# Data for analysis
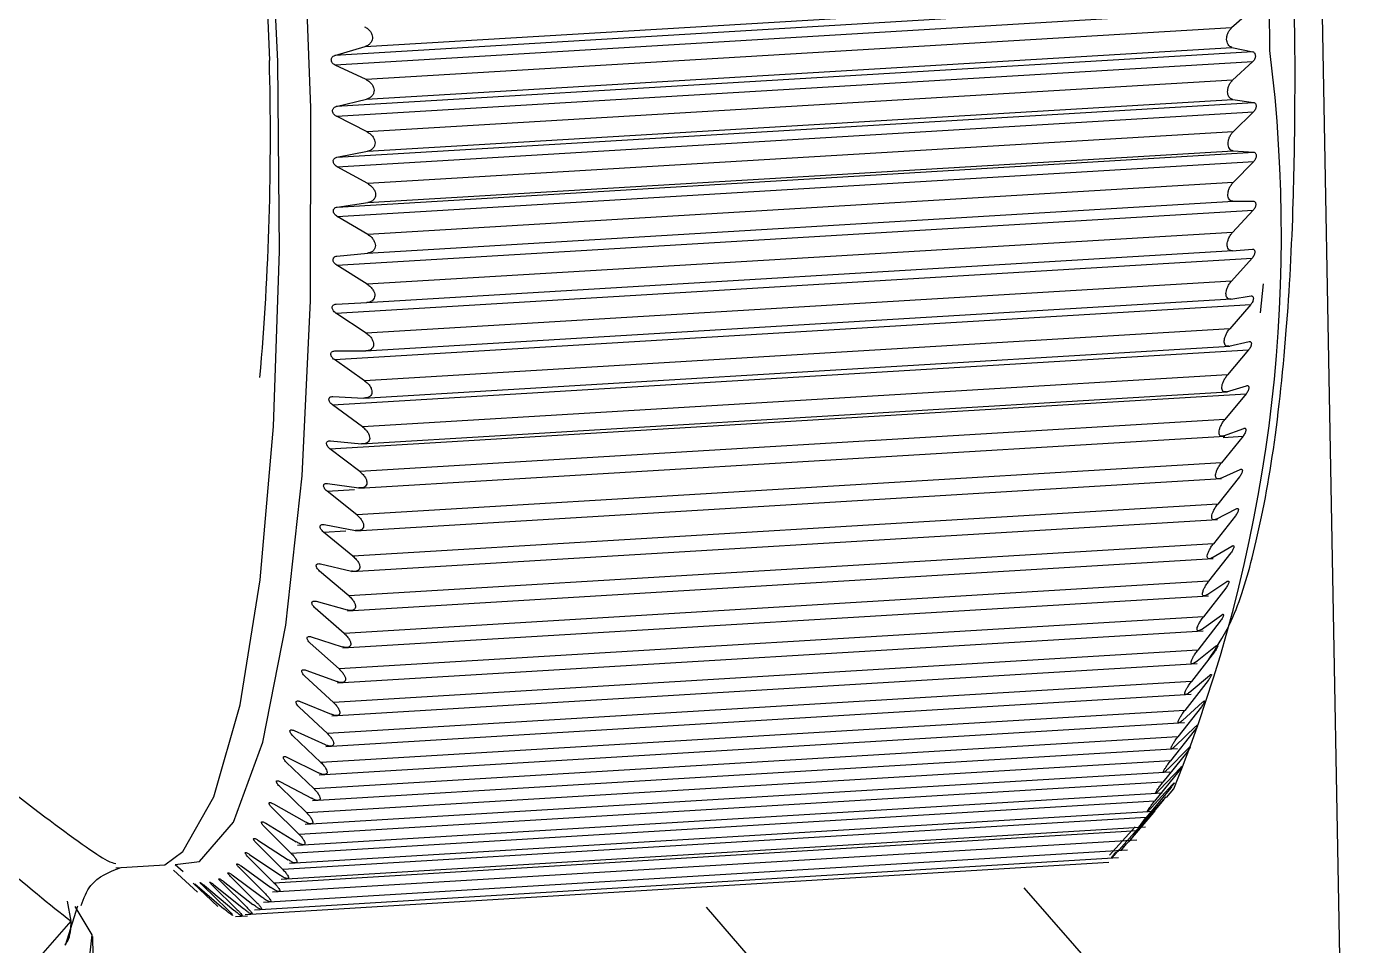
# Model space of a CAD drawing. Header units: millimetres. Extents: x 0 to 279, y 0 to 216.
# Drawn here: x 45.332 to 48.077, y 173.19 to 175.071 of the extents above; entities that cross this region are included whole.
import ezdxf

# ---------------------------------------------------------------- set-up
doc = ezdxf.new("R2010")
doc.units = ezdxf.units.MM

msp = doc.modelspace()

# ---------------------------------------------------------------- linework, layer by layer
at = {"color": 7, "linetype": 'Continuous', "lineweight": 25}
for p, q in [((48.077, 170.0742), (47.9397, 177.6115)), ((46.0246, 175.0308), (47.7973, 175.1367)), ((47.8401, 175.1248), (45.9627, 175.0126)), ((47.8407, 175.105), (45.9633, 174.9928)), ((47.8407, 175.105), (47.7992, 175.069)), ((47.7992, 175.069), (46.0266, 174.963)), ((45.9627, 175.0126), (46.0246, 175.0308)), ((47.8427, 175.02), (45.9653, 174.9078)), ((46.0276, 174.923), (47.8001, 175.029)), ((47.8001, 175.029), (47.8427, 175.02)), ((46.0266, 174.963), (45.9633, 174.9928)), ((45.9657, 174.8881), (47.8431, 175.0004)), ((47.8431, 175.0004), (47.8014, 174.9619)), ((47.8014, 174.9619), (46.0289, 174.8559)), ((45.9653, 174.9078), (46.0276, 174.923)), ((45.9669, 174.8041), (47.8442, 174.9165)), ((46.0294, 174.8163), (47.8019, 174.9224)), ((47.8019, 174.9224), (47.8442, 174.9165)), ((46.0289, 174.8559), (45.9657, 174.8881)), ((45.967, 174.7847), (47.8443, 174.8971)), ((47.8443, 174.8971), (47.8024, 174.8562)), ((47.8024, 174.8562), (46.03, 174.7501)), ((45.9669, 174.8041), (46.0294, 174.8163)), ((45.9674, 174.702), (47.8445, 174.8144)), ((46.0301, 174.7111), (47.8025, 174.8173)), ((47.8025, 174.8173), (47.8445, 174.8144)), ((46.03, 174.7501), (45.967, 174.7847)), ((45.9673, 174.6829), (47.8445, 174.7953)), ((47.8445, 174.7953), (47.8023, 174.7521)), ((47.8023, 174.7521), (46.03, 174.646)), ((46.0287, 174.6077), (47.8033, 174.714)), ((47.802, 174.7139), (47.8438, 174.7141)), ((45.9665, 174.5829), (47.8435, 174.6954)), ((45.9674, 174.702), (46.0301, 174.7111)), ((47.8435, 174.6954), (47.8011, 174.65)), ((46.03, 174.646), (45.9673, 174.6829)), ((47.8011, 174.65), (46.029, 174.5438)), ((45.9668, 174.6016), (46.0298, 174.6077)), ((46.0275, 174.5063), (47.8019, 174.6127)), ((47.8004, 174.6126), (47.842, 174.6158)), ((45.9647, 174.485), (47.8415, 174.5976)), ((46.029, 174.5438), (45.9665, 174.5829)), ((47.8415, 174.5976), (47.7988, 174.5502)), ((47.7988, 174.5502), (46.0268, 174.4438)), ((47.8638, 174.5446), (47.8578, 174.4853)), ((45.9617, 174.3895), (47.8384, 174.5021)), ((45.9651, 174.5033), (46.0283, 174.5063)), ((46.0251, 174.4072), (47.7994, 174.5137)), ((47.8384, 174.5021), (47.7954, 174.4528)), ((47.7977, 174.5136), (47.8391, 174.5199)), ((46.0268, 174.4438), (45.9647, 174.485)), ((47.7954, 174.4528), (46.0235, 174.3464)), ((46.0216, 174.3107), (47.7957, 174.4172)), ((47.7938, 174.4172), (47.8351, 174.4266)), ((45.9577, 174.2966), (47.8342, 174.4093)), ((46.0235, 174.3464), (45.9617, 174.3895)), ((45.9623, 174.4073), (46.0257, 174.4073)), ((47.8342, 174.4093), (47.7909, 174.3582)), ((47.7909, 174.3582), (46.0192, 174.2517)), ((47.7889, 174.3237), (47.8301, 174.3361)), ((45.9526, 174.2066), (47.829, 174.3194)), ((45.9585, 174.3139), (46.022, 174.3108)), ((46.0171, 174.217), (47.791, 174.3236)), ((47.829, 174.3194), (47.7853, 174.2666)), ((46.0192, 174.2517), (45.9577, 174.2966)), ((47.7853, 174.2666), (46.0138, 174.1601)), ((47.7829, 174.2333), (47.824, 174.2487)), ((45.9537, 174.2234), (46.0173, 174.2173)), ((46.0115, 174.1263), (47.7852, 174.233)), ((47.8227, 174.2326), (47.7786, 174.1783)), ((46.0138, 174.1601), (45.9526, 174.2066)), ((47.7786, 174.1783), (46.0073, 174.0717)), ((46.0048, 174.039), (47.7784, 174.1457)), ((47.8154, 174.1492), (47.7708, 174.0935)), ((47.7758, 174.1463), (47.8168, 174.1647)), ((46.0073, 174.0717), (45.9466, 174.1198)), ((45.9478, 174.1359), (46.0115, 174.1268)), ((47.7708, 174.0935), (45.9997, 173.9869)), ((47.7677, 174.0629), (47.8087, 174.0842)), ((45.9972, 173.9552), (47.7705, 174.0619)), ((47.8071, 174.0695), (47.7621, 174.0125)), ((45.9997, 173.9869), (45.9394, 174.0363)), ((45.9409, 174.0518), (46.0046, 174.0397)), ((47.7621, 174.0125), (45.9912, 173.9058)), ((47.7585, 173.9834), (47.7996, 174.0075)), ((45.9885, 173.8752), (47.7616, 173.982)), ((47.7977, 173.9935), (47.7523, 173.9355)), ((45.9912, 173.9058), (45.9313, 173.9565)), ((45.9329, 173.9713), (45.9967, 173.9563)), ((47.7523, 173.9355), (45.9816, 173.8288)), ((47.7875, 173.9216), (47.7415, 173.8626)), ((47.7484, 173.9079), (47.7895, 173.9349)), ((45.924, 173.8946), (45.9878, 173.8767)), ((45.9788, 173.7992), (47.7517, 173.906)), ((45.9816, 173.8288), (45.9223, 173.8805)), ((47.7373, 173.8366), (47.7784, 173.8664)), ((47.7415, 173.8626), (45.9711, 173.7559)), ((47.7762, 173.8539), (47.7298, 173.7942)), ((45.9711, 173.7559), (45.9122, 173.8086)), ((45.9142, 173.8218), (45.9778, 173.8011)), ((45.9681, 173.7274), (47.7408, 173.8343)), ((47.7298, 173.7942), (45.9597, 173.6874)), ((47.7641, 173.7907), (47.7172, 173.7303)), ((47.7252, 173.7698), (47.7665, 173.8023)), ((45.9034, 173.7533), (45.967, 173.7299)), ((45.9565, 173.66), (47.7289, 173.767)), ((45.9597, 173.6874), (45.9013, 173.7409)), ((47.7172, 173.7303), (45.9473, 173.6235)), ((47.7511, 173.732), (47.7037, 173.6711)), ((47.7123, 173.7077), (47.7537, 173.7427)), ((45.9441, 173.5973), (47.7162, 173.7042)), ((45.9473, 173.6235), (45.8894, 173.6776)), ((45.8917, 173.6892), (45.9552, 173.663)), ((47.7037, 173.6711), (45.9341, 173.5643)), ((47.7373, 173.6781), (47.6894, 173.6169)), ((47.6985, 173.6504), (47.74, 173.6879)), ((45.9307, 173.5392), (47.7026, 173.6463)), ((45.9341, 173.5643), (45.8767, 173.6189)), ((45.8792, 173.6296), (45.9425, 173.6009)), ((47.6894, 173.6169), (45.92, 173.5101)), ((47.7227, 173.6291), (47.6742, 173.5678)), ((47.6838, 173.598), (47.7256, 173.638)), ((45.9166, 173.4862), (47.6882, 173.5932)), ((47.6684, 173.5508), (47.7103, 173.5931)), ((45.92, 173.5101), (45.8632, 173.565)), ((45.8658, 173.5748), (45.9289, 173.5435)), ((47.6742, 173.5678), (45.9051, 173.4609)), ((47.7074, 173.5851), (47.6583, 173.5238)), ((45.9016, 173.4381), (47.6729, 173.5452)), ((47.6913, 173.5463), (47.6417, 173.4851)), ((47.6522, 173.5088), (47.6944, 173.5532)), ((45.9051, 173.4609), (45.8489, 173.5159)), ((45.8516, 173.5248), (45.9146, 173.4912)), ((47.6583, 173.5238), (45.8895, 173.4169)), ((47.6746, 173.5127), (47.6244, 173.4519)), ((47.6353, 173.4721), (47.6778, 173.5187)), ((47.6661, 173.4929), (47.6808, 173.5101)), ((45.8367, 173.4799), (45.8994, 173.4439)), ((47.6417, 173.4851), (45.8732, 173.3782)), ((45.8859, 173.3953), (47.6569, 173.5024)), ((47.6572, 173.4845), (47.6064, 173.4241)), ((47.6178, 173.4409), (47.6606, 173.4894)), ((45.8895, 173.4169), (45.8338, 173.4719)), ((47.6244, 173.4519), (45.8562, 173.345)), ((45.8695, 173.3578), (47.6403, 173.4649)), ((47.6393, 173.4617), (47.5879, 173.402)), ((47.5996, 173.4152), (47.6427, 173.4656)), ((45.8732, 173.3782), (45.8181, 173.4331)), ((45.8211, 173.44), (45.8835, 173.4019)), ((47.6064, 173.4241), (45.8385, 173.3172)), ((45.8525, 173.3257), (47.6229, 173.4328)), ((47.602, 173.4325), (47.5494, 173.3746)), ((47.6209, 173.4444), (47.5689, 173.3854)), ((45.8562, 173.345), (45.8016, 173.3995)), ((45.8048, 173.4055), (45.8669, 173.3652)), ((45.8348, 173.2991), (47.6049, 173.4062)), ((45.8385, 173.3172), (45.7846, 173.3713)), ((45.7879, 173.3762), (45.8497, 173.334)), ((45.7979, 173.2627), (47.5674, 173.3697)), ((45.8166, 173.2781), (47.5864, 173.3852)), ((45.5143, 173.3488), (45.6142, 173.3549)), ((45.6813, 173.2989), (45.6321, 173.3437)), ((45.6355, 173.3557), (45.6517, 173.3411)), ((45.8203, 173.295), (45.767, 173.3485)), ((45.7704, 173.3524), (45.8318, 173.3083)), ((45.7787, 173.2529), (47.5479, 173.36)), ((45.7226, 173.2693), (45.6722, 173.3173)), ((45.6759, 173.3159), (45.7354, 173.2647)), ((45.7149, 173.3138), (45.7752, 173.2651)), ((45.7824, 173.2677), (45.7303, 173.3193)), ((45.7338, 173.3211), (45.7945, 173.2738)), ((45.8016, 173.2785), (45.7489, 173.3311)), ((45.7523, 173.334), (45.8134, 173.2882)), ((45.7429, 173.2631), (45.6919, 173.3124)), ((45.6956, 173.3121), (45.7554, 173.262)), ((45.7628, 173.2625), (45.7113, 173.3131)), ((47.8996, 172.7061), (47.3747, 173.3075)), ((45.4111, 173.1902), (45.4364, 173.2705)), ((46.7229, 173.268), (47.2451, 172.6663)), ((45.7591, 173.2488), (45.7838, 173.2503)), ((45.4734, 172.866), (45.4668, 173.2079))]:
    msp.add_line(p, q, dxfattribs=at)
at = {"color": 8, "linetype": 'Continuous', "lineweight": 25}
for p, q in [((47.7822, 174.2302), (47.8227, 174.2326)), ((45.9466, 174.1198), (46.0027, 174.1232)), ((45.9394, 174.0363), (45.9852, 174.0391)), ((45.4224, 173.2391), (45.4148, 173.28))]:
    msp.add_line(p, q, dxfattribs=at)
at = {"color": 7, "linetype": 'Continuous', "lineweight": 25, "flags": 128}
for points in [[(45.9135, 174.9051), (45.8974, 175.3194), (45.8653, 175.7349), (45.8185, 176.133), (45.7592, 176.4963), (45.6901, 176.8088), (45.614, 177.0567), (45.5345, 177.2294), (45.455, 177.3193), (45.3789, 177.3227), (45.3434, 177.2921)], [(45.6142, 173.3549), (45.6512, 173.382), (45.7149, 173.4943), (45.7686, 173.6824), (45.8099, 173.9387), (45.8371, 174.2526), (45.8492, 174.6114), (45.8456, 175.0003), (45.8264, 175.4032), (45.7924, 175.8034), (45.7451, 176.1844), (45.6864, 176.5305), (45.6187, 176.8275), (45.5448, 177.063), (45.4678, 177.2277), (45.3909, 177.3147), (45.3199, 177.322)], [(45.8045, 175.4937), (45.8146, 175.3478), (45.8285, 175.0025)], [(45.6355, 173.3557), (45.6853, 173.3615), (45.7548, 173.4419), (45.8148, 173.6057), (45.8624, 173.8458), (45.8956, 174.1517), (45.9129, 174.51), (45.9135, 174.9051)], [(41.4209, 173.1697), (41.4081, 173.0783), (41.4734, 172.9893), (41.6143, 172.9062), (41.8256, 172.8321), (42.0993, 172.77), (42.4248, 172.7223), (42.7895, 172.6909), (43.1794, 172.677), (43.5792, 172.6811), (43.9735, 172.7031), (44.347, 172.7422), (44.6853, 172.7967), (44.9752, 172.8645), (45.2056, 172.9431), (45.3678, 173.0294), (45.4556, 173.12), (45.4657, 173.2114), (45.4304, 173.2697)]]:
    msp.add_lwpolyline(points, dxfattribs=at)
at = {"color": 8, "linetype": 'Continuous', "lineweight": 25, "flags": 128}
msp.add_lwpolyline([(41.4418, 173.19), (41.4722, 173.1339), (41.5872, 173.0467), (41.7789, 172.9679), (42.0393, 172.9007), (42.3579, 172.8482), (42.7213, 172.8123), (43.1145, 172.7947), (43.521, 172.796), (43.9239, 172.8163), (44.3064, 172.8546), (44.6527, 172.9094), (44.9482, 172.9784), (45.1809, 173.0586), (45.3411, 173.1467), (45.4224, 173.2391)], dxfattribs=at)
at = {"color": 7, "linetype": 'Continuous', "lineweight": 25}
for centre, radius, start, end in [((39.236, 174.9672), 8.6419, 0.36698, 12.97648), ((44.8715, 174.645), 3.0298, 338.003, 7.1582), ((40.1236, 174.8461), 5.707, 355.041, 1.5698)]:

# What to work on
Wherever the word "lineweight" occurs in a line of the listing, copy that line.

# The answer
at = {"color": 7, "linetype": 'Continuous', "lineweight": 25}
at = {"color": 8, "linetype": 'Continuous', "lineweight": 25}
at = {"color": 7, "linetype": 'Continuous', "lineweight": 25, "flags": 128}
at = {"color": 8, "linetype": 'Continuous', "lineweight": 25, "flags": 128}
at = {"color": 7, "linetype": 'Continuous', "lineweight": 25}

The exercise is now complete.